General information
- Location: Maliya, Hooghly district, West Bengal India
- Coordinates: 22°49′54″N 88°08′09″E﻿ / ﻿22.831567°N 88.135964°E
- Elevation: 13 metres (43 ft)
- System: Kolkata Suburban Railway station
- Owner: Indian Railways
- Operator: Eastern Railway
- Line: Sheoraphuli–Tarakeswar branch line
- Platforms: 2
- Tracks: 2

Construction
- Structure type: Standard (on-ground station)
- Cycle facilities: Yes

Other information
- Status: Functioning
- Station code: MLYA

History
- Opened: 1885
- Electrified: 1957–58
- Former names: Tarkessur Railway Company

Services
| Preceding station | Kolkata Suburban Railway |  |  | Following station |
| Nalikul towards Howrah Junction |  | Eastern LineSheoraphuli–Bishnupur branch line |  | Haripal towards Goghat |

Route map

= Maliya railway station =

Railway station in West Bengal, India

Maliya railway station is a Kolkata Suburban Railway halt station on the Sheoraphuli–Tarakeswar branch line of Howrah railway division of the Eastern Railway zone.
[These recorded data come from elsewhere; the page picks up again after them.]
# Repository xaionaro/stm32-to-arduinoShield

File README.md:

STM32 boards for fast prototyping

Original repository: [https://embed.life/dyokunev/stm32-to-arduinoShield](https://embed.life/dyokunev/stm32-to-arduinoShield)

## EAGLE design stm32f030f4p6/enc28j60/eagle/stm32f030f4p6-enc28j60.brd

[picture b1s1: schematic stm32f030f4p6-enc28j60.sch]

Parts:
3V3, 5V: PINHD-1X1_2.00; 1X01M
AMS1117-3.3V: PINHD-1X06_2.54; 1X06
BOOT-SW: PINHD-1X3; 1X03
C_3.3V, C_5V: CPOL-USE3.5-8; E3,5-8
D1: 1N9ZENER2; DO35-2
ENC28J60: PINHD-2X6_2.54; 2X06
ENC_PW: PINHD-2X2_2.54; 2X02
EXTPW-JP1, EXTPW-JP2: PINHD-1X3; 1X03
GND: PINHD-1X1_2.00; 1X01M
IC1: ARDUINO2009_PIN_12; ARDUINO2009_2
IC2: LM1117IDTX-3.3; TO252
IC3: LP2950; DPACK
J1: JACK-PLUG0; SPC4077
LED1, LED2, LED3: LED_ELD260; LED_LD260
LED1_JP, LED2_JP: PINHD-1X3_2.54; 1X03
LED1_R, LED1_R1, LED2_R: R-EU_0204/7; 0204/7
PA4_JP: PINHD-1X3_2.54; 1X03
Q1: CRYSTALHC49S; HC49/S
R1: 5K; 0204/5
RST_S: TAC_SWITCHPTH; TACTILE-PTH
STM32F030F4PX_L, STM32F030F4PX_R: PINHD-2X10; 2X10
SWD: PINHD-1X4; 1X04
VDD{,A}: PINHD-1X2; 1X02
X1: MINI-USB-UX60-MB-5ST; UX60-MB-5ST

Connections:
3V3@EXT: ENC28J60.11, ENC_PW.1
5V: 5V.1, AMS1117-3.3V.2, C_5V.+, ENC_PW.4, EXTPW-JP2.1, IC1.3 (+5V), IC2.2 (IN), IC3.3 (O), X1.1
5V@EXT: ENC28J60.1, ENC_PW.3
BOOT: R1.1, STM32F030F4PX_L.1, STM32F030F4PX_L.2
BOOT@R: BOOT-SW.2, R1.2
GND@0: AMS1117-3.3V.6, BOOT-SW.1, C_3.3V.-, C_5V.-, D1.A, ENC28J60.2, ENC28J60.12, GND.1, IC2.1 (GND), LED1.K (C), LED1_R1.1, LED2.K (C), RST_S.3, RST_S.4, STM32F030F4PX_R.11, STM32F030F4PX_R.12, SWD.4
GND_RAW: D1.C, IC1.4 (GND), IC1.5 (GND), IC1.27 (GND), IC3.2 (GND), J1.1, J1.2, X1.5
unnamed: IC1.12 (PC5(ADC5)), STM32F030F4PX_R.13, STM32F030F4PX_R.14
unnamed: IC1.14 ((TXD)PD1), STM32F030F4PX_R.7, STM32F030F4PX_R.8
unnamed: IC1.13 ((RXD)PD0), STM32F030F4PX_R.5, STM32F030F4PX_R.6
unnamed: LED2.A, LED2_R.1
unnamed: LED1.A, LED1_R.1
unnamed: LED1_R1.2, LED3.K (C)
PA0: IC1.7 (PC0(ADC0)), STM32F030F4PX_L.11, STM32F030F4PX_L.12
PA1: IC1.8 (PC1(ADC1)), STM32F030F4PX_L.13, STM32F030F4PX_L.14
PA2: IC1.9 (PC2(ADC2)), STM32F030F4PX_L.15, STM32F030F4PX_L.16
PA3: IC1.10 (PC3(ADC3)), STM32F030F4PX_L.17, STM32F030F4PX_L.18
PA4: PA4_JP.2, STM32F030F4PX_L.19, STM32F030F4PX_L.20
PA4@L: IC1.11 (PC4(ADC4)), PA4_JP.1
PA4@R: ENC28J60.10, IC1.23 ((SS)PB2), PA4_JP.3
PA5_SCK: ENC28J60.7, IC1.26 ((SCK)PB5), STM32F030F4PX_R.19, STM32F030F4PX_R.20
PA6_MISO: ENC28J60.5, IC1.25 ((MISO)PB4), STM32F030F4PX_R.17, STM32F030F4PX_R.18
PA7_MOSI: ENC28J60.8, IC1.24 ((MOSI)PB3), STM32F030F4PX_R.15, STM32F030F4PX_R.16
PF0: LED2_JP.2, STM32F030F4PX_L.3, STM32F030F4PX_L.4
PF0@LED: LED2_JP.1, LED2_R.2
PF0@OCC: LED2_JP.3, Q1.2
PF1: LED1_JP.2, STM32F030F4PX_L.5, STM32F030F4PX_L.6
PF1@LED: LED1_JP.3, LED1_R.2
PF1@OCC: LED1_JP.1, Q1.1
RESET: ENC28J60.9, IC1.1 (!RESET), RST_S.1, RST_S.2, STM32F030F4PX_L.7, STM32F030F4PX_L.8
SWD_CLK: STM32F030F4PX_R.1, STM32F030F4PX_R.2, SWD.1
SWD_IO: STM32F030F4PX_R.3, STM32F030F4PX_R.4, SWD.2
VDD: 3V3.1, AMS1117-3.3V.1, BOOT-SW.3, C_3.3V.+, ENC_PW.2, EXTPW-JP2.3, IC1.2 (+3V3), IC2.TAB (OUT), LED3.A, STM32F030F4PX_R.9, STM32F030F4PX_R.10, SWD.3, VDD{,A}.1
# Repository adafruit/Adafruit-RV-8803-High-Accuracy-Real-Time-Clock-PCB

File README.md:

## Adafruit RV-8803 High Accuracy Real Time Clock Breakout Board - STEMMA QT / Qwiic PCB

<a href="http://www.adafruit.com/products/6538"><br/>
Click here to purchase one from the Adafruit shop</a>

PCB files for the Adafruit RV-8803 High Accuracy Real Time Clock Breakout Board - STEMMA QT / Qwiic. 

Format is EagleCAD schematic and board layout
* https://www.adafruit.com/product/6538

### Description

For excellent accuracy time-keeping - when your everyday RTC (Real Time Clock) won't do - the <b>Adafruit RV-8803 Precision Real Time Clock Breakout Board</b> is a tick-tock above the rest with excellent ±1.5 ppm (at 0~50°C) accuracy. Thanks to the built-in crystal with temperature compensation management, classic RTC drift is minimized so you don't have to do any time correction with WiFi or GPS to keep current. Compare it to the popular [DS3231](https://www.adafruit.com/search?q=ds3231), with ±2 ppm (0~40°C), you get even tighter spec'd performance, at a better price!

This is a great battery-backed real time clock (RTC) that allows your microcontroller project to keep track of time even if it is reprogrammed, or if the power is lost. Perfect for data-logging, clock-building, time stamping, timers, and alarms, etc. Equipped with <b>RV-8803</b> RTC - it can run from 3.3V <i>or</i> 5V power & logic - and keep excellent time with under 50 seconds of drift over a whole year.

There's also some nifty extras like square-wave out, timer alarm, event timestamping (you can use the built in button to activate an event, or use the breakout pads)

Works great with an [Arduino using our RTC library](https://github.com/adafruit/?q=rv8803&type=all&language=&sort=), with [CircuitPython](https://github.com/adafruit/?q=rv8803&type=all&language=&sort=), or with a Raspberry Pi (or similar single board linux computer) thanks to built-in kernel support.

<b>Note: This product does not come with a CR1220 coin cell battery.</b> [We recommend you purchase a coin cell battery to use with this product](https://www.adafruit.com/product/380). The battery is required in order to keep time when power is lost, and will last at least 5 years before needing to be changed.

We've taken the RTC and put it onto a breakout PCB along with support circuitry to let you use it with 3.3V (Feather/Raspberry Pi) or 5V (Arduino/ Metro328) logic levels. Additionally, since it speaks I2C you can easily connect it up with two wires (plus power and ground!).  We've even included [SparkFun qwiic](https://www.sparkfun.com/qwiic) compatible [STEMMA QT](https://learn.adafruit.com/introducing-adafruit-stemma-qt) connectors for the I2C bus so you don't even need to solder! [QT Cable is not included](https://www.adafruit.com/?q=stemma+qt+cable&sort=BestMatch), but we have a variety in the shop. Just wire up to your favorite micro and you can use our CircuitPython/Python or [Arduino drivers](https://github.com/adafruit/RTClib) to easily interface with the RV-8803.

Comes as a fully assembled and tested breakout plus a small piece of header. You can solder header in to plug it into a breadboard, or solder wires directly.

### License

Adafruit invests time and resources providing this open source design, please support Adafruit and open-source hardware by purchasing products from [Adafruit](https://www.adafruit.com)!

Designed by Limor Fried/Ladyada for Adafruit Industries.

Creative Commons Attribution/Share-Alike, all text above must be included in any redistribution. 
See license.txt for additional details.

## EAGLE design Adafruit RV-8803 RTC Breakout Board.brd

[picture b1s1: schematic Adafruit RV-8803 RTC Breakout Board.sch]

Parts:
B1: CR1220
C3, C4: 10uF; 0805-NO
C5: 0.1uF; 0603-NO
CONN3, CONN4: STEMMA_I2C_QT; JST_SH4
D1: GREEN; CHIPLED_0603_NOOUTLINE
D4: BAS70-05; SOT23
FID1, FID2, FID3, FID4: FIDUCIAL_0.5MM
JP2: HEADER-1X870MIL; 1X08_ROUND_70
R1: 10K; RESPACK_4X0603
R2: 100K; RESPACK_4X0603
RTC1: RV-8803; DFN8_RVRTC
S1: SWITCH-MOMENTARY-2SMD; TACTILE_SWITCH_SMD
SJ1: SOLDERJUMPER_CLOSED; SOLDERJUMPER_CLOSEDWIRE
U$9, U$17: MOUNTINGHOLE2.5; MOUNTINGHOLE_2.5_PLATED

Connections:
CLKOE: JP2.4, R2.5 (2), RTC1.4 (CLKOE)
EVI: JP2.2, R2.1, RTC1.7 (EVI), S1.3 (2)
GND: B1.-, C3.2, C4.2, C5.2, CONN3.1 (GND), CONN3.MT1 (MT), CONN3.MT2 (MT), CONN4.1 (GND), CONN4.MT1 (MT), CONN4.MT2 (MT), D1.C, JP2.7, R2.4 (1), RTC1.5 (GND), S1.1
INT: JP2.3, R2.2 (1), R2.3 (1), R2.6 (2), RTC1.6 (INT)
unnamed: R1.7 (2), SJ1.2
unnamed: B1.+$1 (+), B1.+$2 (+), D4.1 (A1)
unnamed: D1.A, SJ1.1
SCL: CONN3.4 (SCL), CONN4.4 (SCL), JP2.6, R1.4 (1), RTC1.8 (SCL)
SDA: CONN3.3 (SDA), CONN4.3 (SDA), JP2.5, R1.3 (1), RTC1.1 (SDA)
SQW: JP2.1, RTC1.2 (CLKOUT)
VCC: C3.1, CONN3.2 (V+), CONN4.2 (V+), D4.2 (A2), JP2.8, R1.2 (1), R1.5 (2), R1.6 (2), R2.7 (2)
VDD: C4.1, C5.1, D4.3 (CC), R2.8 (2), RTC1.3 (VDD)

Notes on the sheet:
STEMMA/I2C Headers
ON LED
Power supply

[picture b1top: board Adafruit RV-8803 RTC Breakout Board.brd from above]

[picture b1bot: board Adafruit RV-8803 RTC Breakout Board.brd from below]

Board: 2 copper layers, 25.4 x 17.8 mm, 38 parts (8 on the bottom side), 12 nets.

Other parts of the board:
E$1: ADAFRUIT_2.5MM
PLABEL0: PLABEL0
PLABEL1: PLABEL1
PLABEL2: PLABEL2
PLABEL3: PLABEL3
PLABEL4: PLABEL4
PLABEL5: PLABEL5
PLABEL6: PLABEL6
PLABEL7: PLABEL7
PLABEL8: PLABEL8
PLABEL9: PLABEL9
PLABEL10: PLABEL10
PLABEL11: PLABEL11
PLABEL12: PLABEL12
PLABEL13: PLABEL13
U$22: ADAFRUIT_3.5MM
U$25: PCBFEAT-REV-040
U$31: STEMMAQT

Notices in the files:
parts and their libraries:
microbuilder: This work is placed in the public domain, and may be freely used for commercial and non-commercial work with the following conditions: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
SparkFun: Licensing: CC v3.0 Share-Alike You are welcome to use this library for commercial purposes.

It is situated at Maliya in Hooghly district in the Indian state of West Bengal.

== History ==
The Sheoraphuli–Tarakeswar branch line was opened by the Tarkessur Railway Company on 1 January 1885 and was worked by East Indian Railway Company. The Tarkessur company was taken over by the East Indian Railway in 1915. The track was first electrified with 3,000 V DC system in 1957–58. In 1967, this line including Maliya railway station was electrified with to 25 kV AC system.